Russia's health minister on Tuesday raised the death toll from 11 to 14 and said 49 people are still hospitalized.

Residents have been bringing flowers to the stations near where the blast occurred. Every corner and window-sill at the ornate, Soviet-built Sennaya Square station on Tuesday was covered with red and white carnations.

Russia's top investigative body said in a statement that investigators have identified a man whose body parts were found on the train and who is suspected to be a suicide bomber. Kyrgyzstan's State Committee for National Security identified one suspect as Kyrgyz-born Russian national Akbarzhon Dzhalilov, aged between 21 and 22. It was not immediately clear if the two statements related to the same person.

The Interfax news agency on Monday said authorities believe the suspect was linked to radical Islamic groups and carried the explosive device onto the train in a backpack.

The driver of the subway train hit by a bomb appeared in front of reporters on Tuesday looking tired but not visibly shaken by the events of the previous day.

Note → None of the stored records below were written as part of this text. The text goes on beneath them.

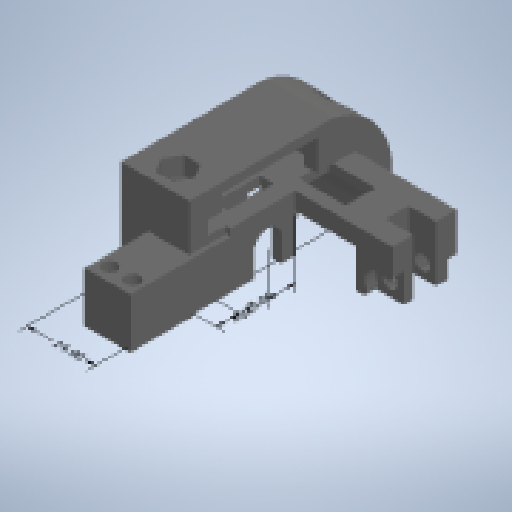
# Autodesk Inventor part: hand_motor_setter_base
Saved by Autodesk Inventor 2024.1 (Build 281209000, 209)
## iProperties
Created: 2025-01-23
Part Number: hand_motor_setter_base
Material: 一般
Document SubType Name: Modeling
Designer: hibik
Density: 1 g/cm^3
Appearance: 既定
Author: hibik
Autodesk Inventor part; units mm, degrees
ref_plane "YZ Plane" through (0, 0, 0) normal (1, 0, 0) x (0, 1, 0)
ref_plane "XZ Plane" through (0, 0, 0) normal (0, 1, 0) x (-1, 0, 0)
sketch "スケッチ1" plane through (0, 0, 0) normal (0, 1, 0) x (-1, 0, 0)
  line L0 (4.5, 6) -> (-4.5, 6) construction
  line L1 (-4.5, 6) -> (-4.5, -18) construction
  line L2 (-4.5, -18) -> (4.5, -18) construction
  line L3 (4.5, -18) -> (4.5, 6) construction
  line L4 (4.5, -6) -> (-4.5, -6)
  line L5 (0, -25.74) -> (0, 13.74) projected
  line L6 (0.5, -18) -> (0.5, -6) construction
  line L7 (4.6, -18.1) -> (-4.6, -18.1)
  line L8 (-4.6, -18.1) -> (-4.6, 6.1)
  line L9 (-4.6, 6.1) -> (4.6, 6.1)
  line L10 (4.6, 6.1) -> (4.6, -18.1)
  line L11 (0.4, -18.1) -> (0.4, -6)
  line L12 (-4.5, -6) -> (-4.6, -6)
  line L13 (4.5, -6) -> (4.6, -6)
  line L14 (6.6, -20.1) -> (-6.6, -20.1)
  line L15 (-6.6, -20.1) -> (-6.6, 8.1)
  line L16 (-6.6, 8.1) -> (6.6, 8.1)
  line L17 (6.6, 8.1) -> (6.6, -20.1)
  line L18 (0.4, -18.1) -> (-14.8, -18.1)
  line L19 (-14.8, -18.1) -> (-14.8, -6)
  line L20 (-14.8, -6) -> (0.4, -6)
  line L21 (0.4, -6) -> (0.4, -18.1)
  line L22 (-6.6, -20.1) -> (-14.8, -20.1)
  line L23 (-14.8, -20.1) -> (-14.8, -18.1)
  point P0 (0, 0)
  point P1 (0, -6)
  point P2 (-6.6, -6)
  point P3 (0, -20.1)
  point P4 (-6.6, -6)
  dimension "d0" = 6
  dimension "d1" = 12
  dimension "d2" = 12
  dimension "d3" = 9
  dimension "d4" = 4
  dimension "d5" = 0.1
  dimension "d6" = 0.1
  dimension "d7" = 0.1
  dimension "d8" = 0.1
  dimension "d9" = 0.1
  dimension "d10" = 2
  dimension "d11" = 2
  dimension "d12" = 15.2
  constraints: 46 end point, 8 parallel, 7 midpoint, 7 perpendicular, 6 horizontal, 4 point on line, 1 collinear, 1 horizontal alignment, 1 vertical alignment, 1 other
  measures "d0" distance from line of L0 point (0, 0)
  measures "d1" distance between parallel lines of L0 L4
  measures "d2" distance between parallel lines of L2 L4
  measures "d3" distance of L1.end L2.end
  measures "d4" distance between parallel lines of L3 L6
  measures "d5" distance between parallel lines of L8 L1
  measures "d6" distance between parallel lines of L10 L3
  measures "d7" distance between parallel lines of L7 L2
  measures "d8" distance between parallel lines of L9 L0
  measures "d9" distance between parallel lines of L11 L6
  measures "d10" distance between parallel lines of L15 L8
  measures "d11" distance between parallel lines of L14 L7
  measures "d12" distance of L19.end L20.end
extrude "押し出し1" add sketch "スケッチ1" against normal blind 2
extrude "押し出し2" add sketch "スケッチ1" against normal blind 12.2 contours L13 L10 L7 L11 L4 | L11 L7 L5 L4 | L10 L9 L5 L16 L17 L14 L7 | L5 L7 L8 L12 L4 | L5 L14 L15 L18 L7 | L9 L8 L20 L15 L16 L5 | L8 L18 L15 L20 | L15 L18 L19 L20 | L22 L23 L18 L15
sketch "スケッチ2" plane through (14.8, 0, -6) normal (1, 0, 0) x (0, 0, -1)
  line L0 (0, 0) -> (0, -12.2) projected
  line L1 (0, -2) -> (14.1, -2)
  line L2 (14.1, 0) -> (14.1, -12.2) projected
  line L3 (0, 0) -> (14.1, 0) projected
  circle A0 centre (6.05, -7.1) radius 6.05
  line L4 (0, 0) -> (0, -12.2) projected
  line L5 (0, 0) -> (14.1, 0) projected
  line L6 (0, 0) -> (0, -12.2) projected
  line L7 (14.1, -12.2) -> (0, -12.2) projected
  line L8 (14.1, 0) -> (14.1, -12.2) projected
  line L9 (12.1, 0) -> (12.1, -12.2)
  point P0 (-6, 0)
  point P1 (14.1, -7.1)
  point P2 (9.3046, -2)
  point P3 (2.7954, -2)
  point P4 (0, -7.1)
  point P5 (2.7954, -12.2)
  point P6 (9.3046, -12.2)
  point P7 (0, -7.1)
  point P8 (12.1, -7.1)
  dimension "d17" = 2
  dimension "d18" = 5.1
  dimension "d21" = 2
  constraints: 4 end point, 4 point on line, 2 tangent, 1 centre point, 1 horizontal, 1 perpendicular
  measures "d17" distance between parallel lines of L3 L1
  measures "d18" distance from line of L1 A0.centre
  measures "d21" distance between parallel lines of L2 L9
extrude "押し出し3" cut sketch "スケッチ2" against normal blind 15.2 contours A0 L7 L0 | A0 L1 L7 | L9 L7 A0
sketch "スケッチ3" plane through (6.6, 0, 8.1) normal (1, 0, 0) x (0, 0, -1)
  circle A0 centre (8.1, -7.1) radius 3
  line L0 (14.1, -12.2) -> (0, -12.2) projected
  line L1 (5.1, -12.2) -> (11.1, -12.2)
  line L2 (11.1, -12.2) -> (11.1, -7.1)
  line L3 (11.1, -7.1) -> (5.1, -7.1)
  line L4 (5.1, -7.1) -> (5.1, -12.2)
  point P0 (8.1, 0)
  dimension "d22" = 6
  dimension "d23" = 7.1
  constraints: 8 end point, 2 parallel, 2 vertical, 1 horizontal, 1 perpendicular, 1 point on line, 1 vertical alignment, 3 other
  measures "d23" distance of point (8.1, 0) point (8.1, -7.1)
extrude "押し出し4" cut sketch "スケッチ3" against normal up to surface (2 mm away)
fillet "フィレット1" radius 0.5 2 edges at (10.7, -7.1, -6) (2.1, -7.1, -6)
sketch "スケッチ4" plane through (-0.4, 0, -6) normal (1, 0, 0) x (0, 0, -1)
  line L0 (-14.1, -12.2) -> (14.1, -12.2) projected
  line L1 (0, -12.2) -> (12.1, -12.2)
  line L2 (12.1, -12.2) -> (12.1, -2)
  line L3 (12.1, -2) -> (0, -2)
  line L4 (0, -2) -> (0, -12.2)
  line L5 (12.1, -7.1) -> (12.1, -12.2) projected
  line L6 (2.7954, -2) -> (9.3046, -2) projected
  point P0 (-6, 0)
  constraints: 8 end point, 2 collinear, 2 parallel, 1 horizontal, 1 midpoint, 1 perpendicular
extrude "押し出し5" cut sketch "スケッチ4" against normal up to surface (4.2 mm away)
ref_plane "作業平面1" through (-3.6, -12.2, 6.1) normal (1, 0, 0) x (0, 0, -1)
sketch "スケッチ5" plane through (-3.6, -12.2, 6.1) normal (1, 0, 0) x (0, 0, -1)
  line L0 (0, 10.2) -> (7.1, 10.2)
  line L1 (7.1, 10.2) -> (7.1, 5.2)
  line L2 (7.1, 5.2) -> (0, 5.2)
  line L3 (0, 5.2) -> (0, 10.2)
  line L4 (9.1, 0) -> (9.1, 5.1) projected
  point P0 (6.1, 12.2)
  dimension "d30" = 5
  dimension "d34" = 2
  constraints: 8 end point, 2 parallel, 1 horizontal, 1 perpendicular
  measures "d30" distance of L0.end L1.end
  measures "d34" distance between parallel lines of L1 L4
extrude "押し出し6" add sketch "スケッチ5" along normal blind 1.5
fillet "フィレット2" radius 3 2 edges at (-2.85, -7, -1) (-2.85, -7, 6.1)
sketch "スケッチ6" plane through (0, 0, 0) normal (0, 1, 0) x (1, 0, 0)
  line L0 (-6.6, -8.1) -> (6.6, -8.1) projected
  line L1 (5.6, -8.1) -> (2.6, -8.1)
  line L2 (2.6, -8.1) -> (2.6, -0.1)
  line L3 (2.6, -0.1) -> (5.6, -0.1)
  line L4 (5.6, -0.1) -> (5.6, -8.1)
  line L5 (6.6, -8.1) -> (6.6, 6) projected
  line L6 (-9.3, -8.1) -> (-7.3, -8.1)
  line L7 (-7.3, -8.1) -> (-7.3, 13.8)
  line L8 (-7.3, 13.8) -> (-9.3, 13.8)
  line L9 (-9.3, 13.8) -> (-9.3, -8.1)
  line L10 (-4.6, -6.1) -> (4.6, -6.1) projected
  line L11 (-7.3, -8.1) -> (2.6, -8.1)
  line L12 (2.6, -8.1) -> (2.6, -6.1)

Alexander Kavernin, 50,  who has worked on the subway for 14 years said he heard the sound of a blast while his train was running, called security and carried on to the station as the emergency instructions prescribe.
"I had no time to think about fear at that moment," he said.

The decision to keep moving was praised by authorities as aiding evacuation efforts and reducing the danger to passengers who would have had to walk along the electrified tracks.

Oleg Alexeyev, 53, who trains sniffer dogs for the police, went to the Technological Institute station Tuesday morning to lay flowers in the memory of those who died nearby.

"I traveled on the same route this morning just to see how it felt and think about life. You begin to feel the thin line about life and death," he said.

Footage of the aftermath of the explosion at the Sennaya Ploshchad train station shows a blown out subway car and several injured lying on the ground.

President Vladimir Putin, who was visiting the city on an unrelated trip Monday, offered his condolences to the families of those killed.

Authorities evacuated and shut down the entire St. Petersburg subway system, which serves some 2 million riders a day.

Maxim Liksutov, Moscow's deputy mayor, told Interfax that Moscow authorities were tightening security on the subway in the Russian capital.

U.S. President Donald Trump called the attack an "absolutely a terrible thing."